On 11 June 1964 Nelson Mandela and seven other accused:
Walter Sisulu, Ahmed Kathrada, Govan Mbeki, Raymond Mhlaba, Denis Goldberg,
Elias Motsoaledi and Andrew Mlangeni were convicted and the next day were
sentenced to life imprisonment. Denis Goldberg was sent to Pretoria Prison
because he was white, while the others went to Robben Island.
Nelson Mandela’s mother died in 1968 and his eldest son
Thembi in 1969. He was not allowed to attend their funerals.
On 31 March 1982 Nelson Mandela was transferred to Pollsmoor
Prison in Cape Town with Sisulu, Mhlaba and Mlangeni. Kathrada joined them in
October. When he returned to the prison in November 1985 after prostate surgery
Nelson Mandela was held alone. Justice Minister Kobie Coetsee visited him in
hospital. Later Nelson Mandela initiated talks about an ultimate meeting
between the apartheid government and the ANC.

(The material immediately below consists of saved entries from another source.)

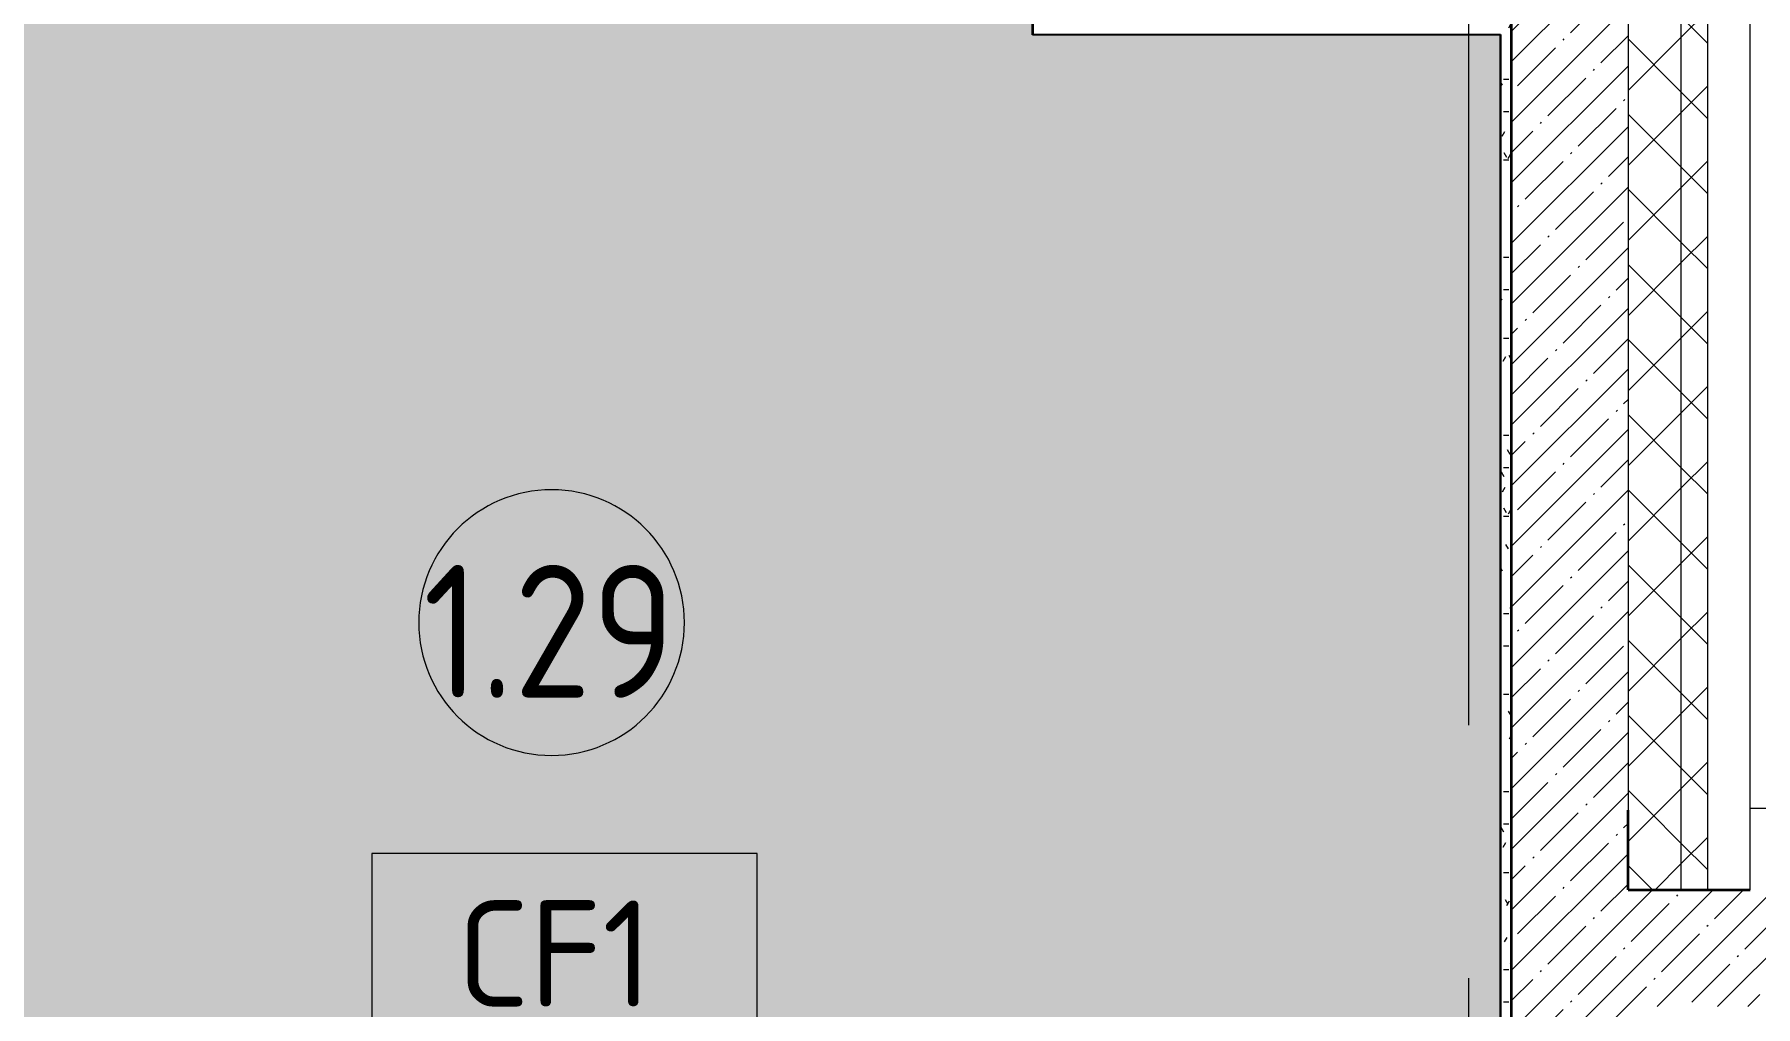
# Model space of a CAD drawing. Header units: millimetres. Extents: x -4196 to 190310, y -8553 to 29000.
# Drawn here: x 30610 to 33850, y 23400 to 25230 of the extents above; entities that cross this region are included whole.
import ezdxf

# ---------------------------------------------------------------- set-up
doc = ezdxf.new("R2010")
doc.units = ezdxf.units.MM
doc.linetypes.add('Осевая', pattern=[3175, 635, -476.25, 1587.5, -476.25])
for name, color, linetype, lineweight in [('A-AREA-IDEN', 7, 'Continuous', 9), ('A-CLNG-IDEN', 7, 'Continuous', 9), ('A-CLNG-PATT', 7, 'Continuous', 9), ('A-WALL', 7, 'Continuous', 9), ('I-WALL', 7, 'Continuous', 9), ('Оси', 7, 'Continuous', 9), ('Оси-2', 7, 'Осевая', 9)]:
    doc.layers.add(name, color=color, linetype=linetype, lineweight=lineweight)
for name, color, linetype, lineweight, true_color in [('A-WALL-1', 7, 'Continuous', 35, 0x3c3c3c), ('A-WALL-2', 7, 'Continuous', 25, 0x3c3c3c), ('A-WALL-3', 7, 'Continuous', 13, 0x3c3c3c), ('A-WALL-FNSH-2', 7, 'Continuous', 13, 0x3c3c3c)]:
    doc.layers.add(name, color=color, linetype=linetype, lineweight=lineweight, true_color=true_color)
doc.styles.add('GOST Common', font='GOST_Common.ttf', dxfattribs={"width": 0.9, "height": 250})
doc.styles.add('GOST Common_1', font='GOST_Common.ttf', dxfattribs={"height": 200})
pattern_1 = [(45, (0, 0), (-57.02463, 57.02463), []), (45, (57.025, 0), (-57.02463, 57.02463), [100.806, -20.161, 3.353, -16.808])]
pattern_2 = [(45, (0, 0), (-70.71068, 70.71068), []), (135, (0, 0), (-70.71068, -70.71068), [])]

# ---------------------------------------------------------------- blocks, each defined once
blk = doc.blocks.new('Марка_Помещения - Номер-25198446-План потолков с обозначением видов отделки и геометрии 1 этажа в осях 1-12')
at = {"layer": 'A-AREA-IDEN'}
for start, end in [(360, 180), (180, 360)]:
    blk.add_arc((0, 0), 2.5, start, end, dxfattribs=at)
blk = doc.blocks.new('М_потолков - Марка_ Имя типа-25382930-План потолков с обозначением видов отделки и геометрии 1 этажа в осях 1-12')
at = {"layer": 'A-CLNG-IDEN'}
for p, q in [((3.625, 1.984375), (-3.625, 1.984375)), ((-3.625, 1.984375), (-3.625, -1.59375)), ((3.625, -1.59375), (3.625, 1.984375)), ((-3.625, -1.59375), (3.625, -1.59375))]:
    blk.add_line(p, q, dxfattribs=at)

msp = doc.modelspace()

# ---------------------------------------------------------------- hatches: boundary and pattern name
at = {"layer": 'A-CLNG-PATT'}
h = msp.add_hatch(color=256, dxfattribs=at)
h.paths.add_polyline_path([(28781, 20121), (33389, 20121), (33389, 21979), (32989, 21979), (32989, 22621), (33369, 22621), (33369, 25229), (32488.5, 25229), (32488.5, 26859), (30631, 26859), (30631, 26479), (28781, 26479), (28781, 21011.4)])
h.paths.add_polyline_path([(29990, 21979), (29990, 22620), (30631, 22620), (30631, 21979)])
at = {"layer": 'A-WALL'}
h = msp.add_hatch(dxfattribs=at)
h.set_pattern_fill('FP_6', color=256, style=0, pattern_type=2)
h.set_pattern_definition(pattern_2)
h.paths.add_polyline_path([(33710, 23769.7), (33760, 23769.7), (33760, 27200), (33710, 27200), (33710, 23772.7)])
h = msp.add_hatch(dxfattribs=at)
h.set_pattern_fill('FP_6', color=256, style=0, pattern_type=2)
h.set_pattern_definition(pattern_2)
h.paths.add_polyline_path([(33610, 23769.7), (33710, 23769.7), (33710, 27100), (33610, 27100), (33610, 24259.3)])
h = msp.add_hatch(dxfattribs=at)
h.set_pattern_fill('FP_6', color=256, style=0, pattern_type=2)
h.set_pattern_definition(pattern_2)
h.paths.add_polyline_path([(33707.8, 23620), (33710, 23620), (33710, 23769.7), (33610, 23769.7), (33610, 23620), (33632.3, 23620)])
h = msp.add_hatch(dxfattribs=at)
h.set_pattern_fill('FP_6', color=256, style=0, pattern_type=2)
h.set_pattern_definition(pattern_2)
h.paths.add_polyline_path([(33710, 23620), (33760, 23620), (33760, 23769.7), (33710, 23769.7), (33710, 23757.5)])
at = {"layer": 'I-WALL'}
h = msp.add_hatch(dxfattribs=at)
h.set_pattern_fill('FP_1', color=256, style=0, pattern_type=2)
h.set_pattern_definition(pattern_1)
h.paths.add_polyline_path([(33390, 22600), (33610, 22600), (33610, 26500), (33390, 26500), (33390, 22991.6)])
h = msp.add_hatch(dxfattribs=at)
h.set_pattern_fill('FP_80', color=256, style=0, pattern_type=2)
h.set_pattern_definition([(0, (0, 0), (121.92, 30.48), [10.058, -81.382, 10.058, -81.382, -487.68]), (0, (0, 0), (121.92, 30.48), [-182.88, 10.058, -172.822, 10.058, -81.382, -213.36]), (0, (0, 0), (121.92, 30.48), [-457.2, 10.058, -50.902, 10.058, -142.342]), (120, (45.72, 15.24), (-87.356454, 90.345817), [10.058, -81.382, 10.058, -81.382, -487.68]), (120, (45.72, 15.24), (-87.356454, 90.345817), [-182.88, 10.058, -172.822, 10.058, -81.382, -213.36]), (120, (45.72, 15.24), (-87.356454, 90.345817), [-457.2, 10.058, -50.902, 10.058, -142.342]), (240, (60.96, 76.2), (-34.563546, -120.825817), [10.058, -81.382, 10.058, -81.382, -487.68]), (240, (60.96, 76.2), (-34.563546, -120.825817), [-182.88, 10.058, -172.822, 10.058, -81.382, -213.36]), (240, (60.96, 76.2), (-34.563546, -120.825817), [-457.2, 10.058, -50.902, 10.058, -142.342])])
h.paths.add_polyline_path([(33389, 22620), (33390, 22620), (33390, 25250), (33370, 25250), (33370, 22620)])
h = msp.add_hatch(dxfattribs=at)
h.set_pattern_fill('FP_1', color=256, style=0, pattern_type=2)
h.set_pattern_definition(pattern_1)
h.paths.add_polyline_path([(34013.1, 23400), (34250.8, 23400), (34250.8, 23620), (33610, 23619.7), (33610, 23400), (34010, 23400)])

# ---------------------------------------------------------------- linework, layer by layer
at = {"layer": 'A-WALL'}
for p, q in [((33760, 23620), (33760, 27250)), ((33710, 23620), (33710, 27200)), ((33840, 23769.7), (33840, 23772.7))]:
    msp.add_line(p, q, dxfattribs=at)
at = {"layer": 'A-WALL-1'}
for p, q in [((33390, 26500), (33390, 22600)), ((33610, 23620), (33610, 23769.7)), ((33610, 23620), (33840, 23620))]:
    msp.add_line(p, q, dxfattribs=at)
at = {"layer": 'A-WALL-2'}
for p, q in [((32489.5, 26860), (32489.5, 25230)), ((32489.5, 25230), (33370, 25230)), ((33370, 25230), (33370, 22620))]:
    msp.add_line(p, q, dxfattribs=at)
at = {"layer": 'A-WALL-3'}
for p, q in [((33840, 23772.7), (33840, 27330)), ((33610, 27100), (33610, 23620)), ((33840, 23620), (33840, 23769.7))]:
    msp.add_line(p, q, dxfattribs=at)
at = {"layer": 'A-WALL-FNSH-2'}
for p, q in [((32488.5, 25229), (32488.5, 26859)), ((33369, 25229), (32488.5, 25229)), ((33369, 22621), (33369, 25229)), ((37991.9, 23772.7), (33840, 23772.7))]:
    msp.add_line(p, q, dxfattribs=at)
at = {"layer": 'Оси'}
msp.add_line((33310, 24898.1), (33310, 27398.1), dxfattribs=at)
at = {"layer": 'Оси-2'}
msp.add_line((33310, 593.7), (33310, 24898.1), dxfattribs=at)

# ---------------------------------------------------------------- block references
at = {"layer": 'A-AREA-IDEN', "xscale": 99.99999999999993, "yscale": 99.99999999999993, "zscale": 99.99999999999993}
msp.add_blockref('Марка_Помещения - Номер-25198446-План потолков с обозначением видов отделки и геометрии 1 этажа в осях 1-12', (31583.5, 24122.8), dxfattribs=at)
at = {"layer": 'A-CLNG-IDEN', "xscale": 99.99999999999993, "yscale": 99.99999999999993, "zscale": 99.99999999999993}
msp.add_blockref('М_потолков - Марка_ Имя типа-25382930-План потолков с обозначением видов отделки и геометрии 1 этажа в осях 1-12', (31607.9, 23490), dxfattribs=at)

# ---------------------------------------------------------------- texts
at = {"layer": 'A-AREA-IDEN', "insert": (31341.7, 24231.4), "char_height": 250, "width": 606.076, "attachment_point": 1, "style": 'GOST Common'}
msp.add_mtext('1.29', dxfattribs=at)
at = {"layer": 'A-CLNG-IDEN', "insert": (31405.1, 23599.7), "char_height": 200, "width": 472.996, "attachment_point": 1, "style": 'GOST Common_1'}
msp.add_mtext('CF1', dxfattribs=at)

doc.saveas('drawing.dxf')
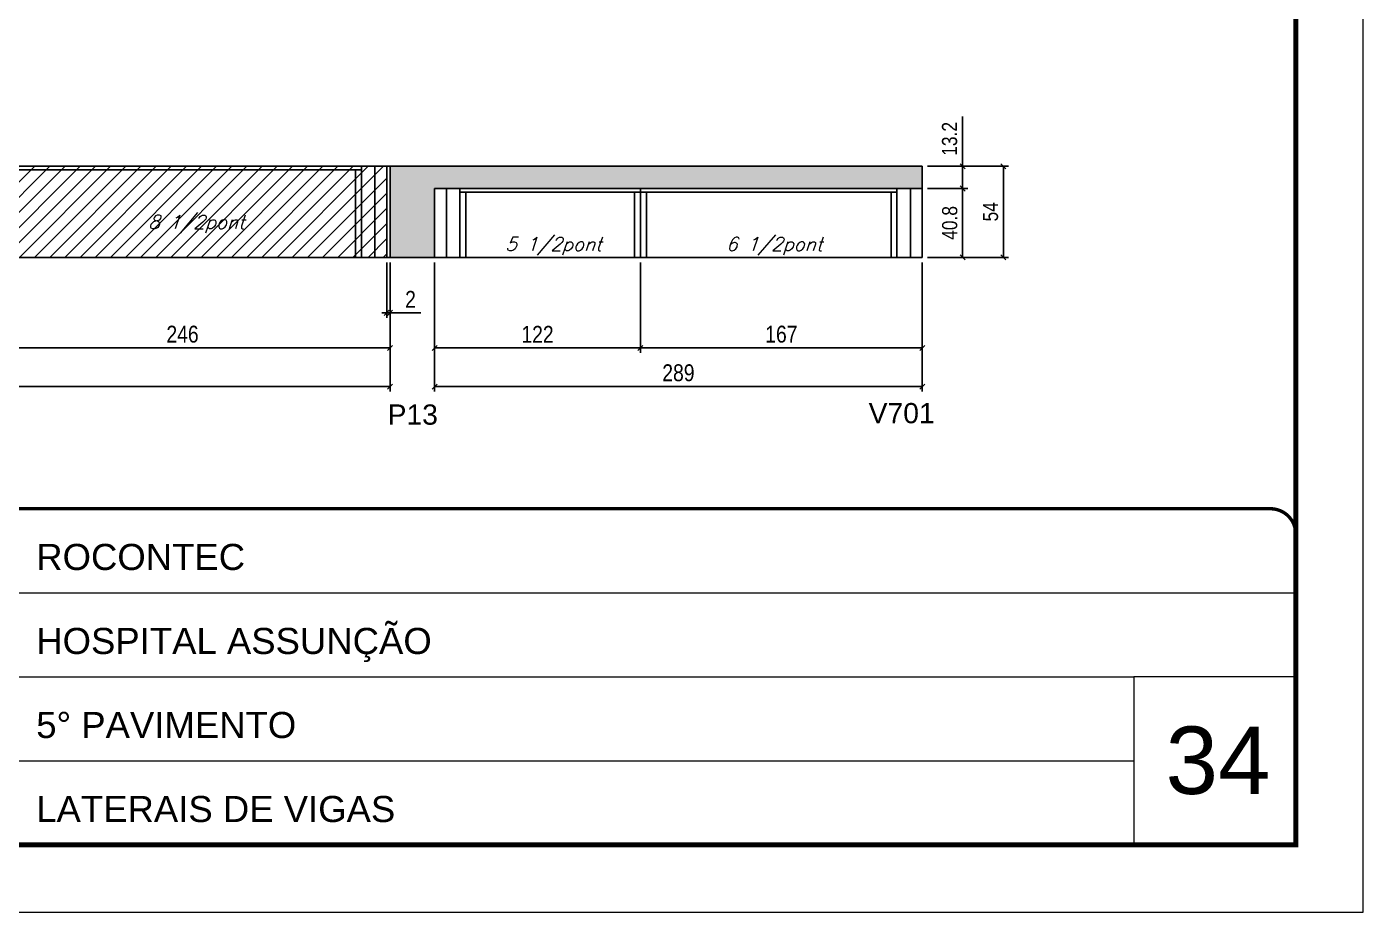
# Model space of a CAD drawing. Extents: x -20960 to -5926, y -2106 to 21915.
# Drawn here: x -9929 to -9137, y 11677 to 12202 of the extents above; entities that cross this region are included whole.
import ezdxf

# ---------------------------------------------------------------- set-up
doc = ezdxf.new("R2010")
doc.units = 0
doc.linetypes.add('CONTINUO', pattern=[0])
doc.linetypes.add('DASHED', pattern=[0.75, 0.5, -0.25])
for name, color, linetype in [('5', 5, 'Continuous'), ('COTA', 241, 'Continuous'), ('Painéis', 200, 'Continuous'), ('Reaproveitamento', 251, 'Continuous'), ('SARR_2.2x7', 40, 'Continuous'), ('SARR_3.5x7', 81, 'Continuous'), ('texto', 7, 'Continuous')]:
    doc.layers.add(name, color=color, linetype=linetype)
for name, color, linetype, lineweight in [('CARIMBO', 255, 'Continuous', 9), ('Folhas', 255, 'Continuous', 9), ('SARRAFO DE PRESSAO', 251, 'DASHED', 9)]:
    doc.layers.add(name, color=color, linetype=linetype, lineweight=lineweight)
doc.styles.add('ARIAL', font='arial.ttf')
doc.styles.add('COTA TECNICA', font='techl___.ttf', dxfattribs={"height": 10})
doc.styles.add('COTA TECNICA-50', font='techl___.ttf', dxfattribs={"height": 9})
doc.styles.add('Romans', font='romans.shx')
doc.styles.get("Standard").update_dxf_attribs({"font": 'arial.ttf'})
doc.dimstyles.new('COTA PAINEL-50', dxfattribs={"dimtxt": 9, "dimasz": 3, "dimexe": 3, "dimexo": 3, "dimgap": 3, "dimtad": 1, "dimdec": 1, "dimzin": 12, "dimdsep": 46, "dimtxsty": 'COTA TECNICA-50', "dimblk1": 'OBLIQUE', "dimblk2": 'OBLIQUE', "dimsah": 1, "dimcen": 0.9, "dimclrd": 4, "dimclre": 4, "dimclrt": 240, "dimadec": 1, "dimazin": 3, "dimtfac": 1, "dimtdec": 1, "dimtmove": 0, "dimatfit": 3, "dimfxl": 1, "dimtolj": 1, "dimtzin": 12, "dimarcsym": 0})
doc.dimstyles.new('PAINEL', dxfattribs={"dimtxt": 10, "dimasz": 3, "dimexe": 3, "dimexo": 3, "dimgap": 3, "dimtad": 1, "dimdec": 1, "dimzin": 12, "dimdsep": 46, "dimtxsty": 'COTA TECNICA', "dimblk1": 'OBLIQUE', "dimblk2": 'OBLIQUE', "dimsah": 1, "dimcen": 0.9, "dimclrd": 4, "dimclre": 4, "dimclrt": 240, "dimadec": 1, "dimazin": 3, "dimtfac": 1, "dimtdec": 1, "dimtmove": 0, "dimatfit": 3, "dimfxl": 1, "dimtolj": 1, "dimtzin": 12, "dimarcsym": 0})

# ---------------------------------------------------------------- blocks, each defined once
blk = doc.blocks.new('9999999999')
at = {"color": 30, "linetype": 'CONTINUO'}
for p, q in [((98564.56, 34379.64), (99583.98, 34379.64)), ((98564.56, 34329.83), (99487.98, 34329.83)), ((99583.98, 34329.83), (99487.98, 34329.83)), ((99487.98, 34329.83), (99487.98, 34230.21)), ((98564.56, 34280.02), (99487.98, 34280.02))]:
    blk.add_line(p, q, dxfattribs=at)
at = {"color": 30, "linetype": 'CONTINUO', "const_width": 2}
blk.add_lwpolyline([(99583.98, 34230.21), (99583.98, 34414.45, 0.414214), (99568.98, 34429.45), (98228.98, 34429.45, 0.414214), (98213.98, 34414.45), (98213.98, 34245.21, 0.414214), (98228.98, 34230.21), (99583.98, 34230.21)], format="xyb", dxfattribs=at)
at = {"layer": 'Folhas'}
blk.add_lwpolyline([(98138.98, 34190.21), (99623.98, 34190.21), (99623.98, 35240.21), (98138.98, 35240.21)], close=True, dxfattribs=at)
at = {"layer": 'Folhas', "color": 30, "const_width": 3}
blk.add_lwpolyline([(98213.98, 34230.21), (99583.98, 34230.21), (99583.98, 35200.21), (98213.98, 35200.21)], close=True, dxfattribs=at)
at = {"color": 7, "linetype": 'Continuous', "ltscale": 5, "style": 'ARIAL'}
for s, height, p in [('ROCONTEC', 15.483, (98837.68, 34393.13)), ('HOSPITAL ASSUNÇÃO', 15.4829, (98837.68, 34343.32)), ('5° PAVIMENTO', 15.4829, (98837.68, 34293.51)), ('LATERAIS DE VIGAS', 15.4829, (98837.68, 34243.7))]:
    blk.add_text(s, height=height, dxfattribs=at).set_placement(p)
blk = doc.blocks.new('_Oblique')
at = {"color": 0, "linetype": 'ByBlock', "lineweight": -2}
blk.add_line((-0.5, -0.5), (0.5, 0.5), dxfattribs=at)
blk = doc.blocks.new('*D1129')
at = {"layer": 'COTA', "color": 4, "linetype": 'ByBlock', "lineweight": -2, "transparency": 16777216}
for p, q in [((-9959.61, 12062.07), (-9959.61, 12008.36)), ((-9713.61, 12062.07), (-9713.61, 12008.36)), ((-9713.61, 12011.36), (-9959.61, 12011.36))]:
    blk.add_line(p, q, dxfattribs=at)
at = {"layer": 'Defpoints', "color": 0, "linetype": 'ByBlock', "transparency": 16777216}
for p in [(-9959.61, 12065.07), (-9713.61, 12065.07), (-9959.61, 12011.36)]:
    blk.add_point(p, dxfattribs=at)
at = {"layer": 'COTA', "color": 4, "linetype": 'ByBlock', "lineweight": -2, "transparency": 16777216, "xscale": 3, "yscale": 3, "zscale": 3, "rotation": 180}
blk.add_blockref('_Oblique', (-9959.61, 12011.36), dxfattribs=at)
at = {"layer": 'COTA', "color": 4, "linetype": 'ByBlock', "lineweight": -2, "transparency": 16777216, "xscale": 3, "yscale": 3, "zscale": 3}
blk.add_blockref('_Oblique', (-9713.61, 12011.36), dxfattribs=at)
at = {"layer": 'COTA', "color": 240, "linetype": 'ByBlock', "transparency": 16777216, "insert": (-9836.61, 12019.47), "char_height": 10, "attachment_point": 5, "style": 'COTA TECNICA'}
blk.add_mtext('\\A1;246', dxfattribs=at)
blk = doc.blocks.new('*D1149')
at = {"layer": 'COTA', "color": 4, "lineweight": -2, "transparency": 16777216}
for p, q in [((-9715.61, 12062.07), (-9715.61, 12029.16)), ((-9713.61, 12062.07), (-9713.61, 12029.16)), ((-9715.61, 12032.16), (-9718.61, 12032.16)), ((-9715.61, 12032.16), (-9713.61, 12032.16)), ((-9713.61, 12032.16), (-9695.5, 12032.16))]:
    blk.add_line(p, q, dxfattribs=at)
at = {"layer": 'Defpoints', "color": 0, "transparency": 16777216}
for p in [(-9715.61, 12065.07), (-9713.61, 12065.07), (-9713.61, 12032.16)]:
    blk.add_point(p, dxfattribs=at)
at = {"layer": 'COTA', "color": 4, "lineweight": -2, "transparency": 16777216, "xscale": 3, "yscale": 3, "zscale": 3}
blk.add_blockref('_Oblique', (-9715.61, 12032.16), dxfattribs=at)
at = {"layer": 'COTA', "color": 4, "lineweight": -2, "transparency": 16777216, "xscale": 3, "yscale": 3, "zscale": 3, "rotation": 180}
blk.add_blockref('_Oblique', (-9713.61, 12032.16), dxfattribs=at)
at = {"layer": 'COTA', "color": 240, "transparency": 16777216, "insert": (-9701.55, 12040.16), "char_height": 10, "attachment_point": 5, "style": 'COTA TECNICA'}
blk.add_mtext('\\A1;2', dxfattribs=at)
blk = doc.blocks.new('*D1150')
at = {"layer": 'COTA', "color": 4, "lineweight": -2, "ltscale": 25, "transparency": 16777216}
for p, q in [((-10227.61, 12062.07), (-10227.61, 11985.47)), ((-9713.61, 12062.07), (-9713.61, 11985.47)), ((-9713.61, 11988.47), (-10227.61, 11988.47))]:
    blk.add_line(p, q, dxfattribs=at)
at = {"layer": 'Defpoints', "color": 0, "ltscale": 25, "transparency": 16777216}
for p in [(-10227.61, 12065.07), (-9713.61, 12065.07), (-10227.61, 11988.47)]:
    blk.add_point(p, dxfattribs=at)
at = {"layer": 'COTA', "color": 4, "lineweight": -2, "ltscale": 25, "transparency": 16777216, "xscale": 3, "yscale": 3, "zscale": 3, "rotation": 180}
blk.add_blockref('_Oblique', (-10227.61, 11988.47), dxfattribs=at)
at = {"layer": 'COTA', "color": 4, "lineweight": -2, "ltscale": 25, "transparency": 16777216, "xscale": 3, "yscale": 3, "zscale": 3}
blk.add_blockref('_Oblique', (-9713.61, 11988.47), dxfattribs=at)
at = {"layer": 'COTA', "color": 240, "ltscale": 25, "transparency": 16777216, "insert": (-9970.61, 11996.58), "char_height": 10, "attachment_point": 5, "style": 'COTA TECNICA'}
blk.add_mtext('\\A1;514', dxfattribs=at)
blk = doc.blocks.new('*D1112')
at = {"layer": 'COTA', "color": 4, "linetype": 'ByBlock', "lineweight": -2, "transparency": 16777216}
for p, q in [((-9565.29, 12062.07), (-9565.29, 12008.36)), ((-9398.29, 12062.07), (-9398.29, 12008.36)), ((-9398.29, 12011.36), (-9565.29, 12011.36))]:
    blk.add_line(p, q, dxfattribs=at)
at = {"layer": 'Defpoints', "color": 0, "linetype": 'ByBlock', "transparency": 16777216}
for p in [(-9565.29, 12065.07), (-9398.29, 12065.07), (-9565.29, 12011.36)]:
    blk.add_point(p, dxfattribs=at)
at = {"layer": 'COTA', "color": 4, "linetype": 'ByBlock', "lineweight": -2, "transparency": 16777216, "xscale": 3, "yscale": 3, "zscale": 3, "rotation": 180}
blk.add_blockref('_Oblique', (-9565.29, 12011.36), dxfattribs=at)
at = {"layer": 'COTA', "color": 4, "linetype": 'ByBlock', "lineweight": -2, "transparency": 16777216, "xscale": 3, "yscale": 3, "zscale": 3}
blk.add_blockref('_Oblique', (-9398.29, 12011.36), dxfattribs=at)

On 12 August 1988 he was taken to hospital where he was
diagnosed with tuberculosis. After more than three months in two hospitals he
was transferred on 7 December 1988 to a house at Victor Verster Prison near
Paarl where he spent his last 14 months of imprisonment. He was released from
its gates on Sunday 11 February 1990, nine days after the unbanning of the ANC
and the PAC and nearly four months after the release of his remaining Rivonia
comrades. Throughout his imprisonment he had rejected at least three
conditional offers of release.
Nelson Mandela immersed himself in official talks to end
white minority rule and in 1991 was elected ANC President to replace his ailing
friend Oliver Tambo. In 1993 he and President FW de Klerk jointly won the Nobel
Peace Prize and on 27 April 1994 he voted for the first time in his life.
On 10 May 1994 he was inaugurated South Africa’s first
democratically elected President. On his 80th birthday in 1998 he married Graça
Machel, his third wife.
True to his promise Nelson Mandela stepped down in 1999
after one term as President. He continued to work with the Nelson Mandela
Children’s Fund he set up in 1995 and established the Nelson Mandela Foundation
and The Mandela Rhodes Foundation.
In April 2007 his grandson Mandla Mandela became head of the
Mvezo Traditional Council at a ceremony at the Mvezo Great Place.
Nelson Mandela never wavered in his devotion to democracy,
equality and learning. Despite terrible provocation, he never answered racism
with racism. His life has been an inspiration to all who are oppressed and
deprived; to all who are opposed to oppression and deprivation.
He died at his home in Johannesburg on December 5, 2013.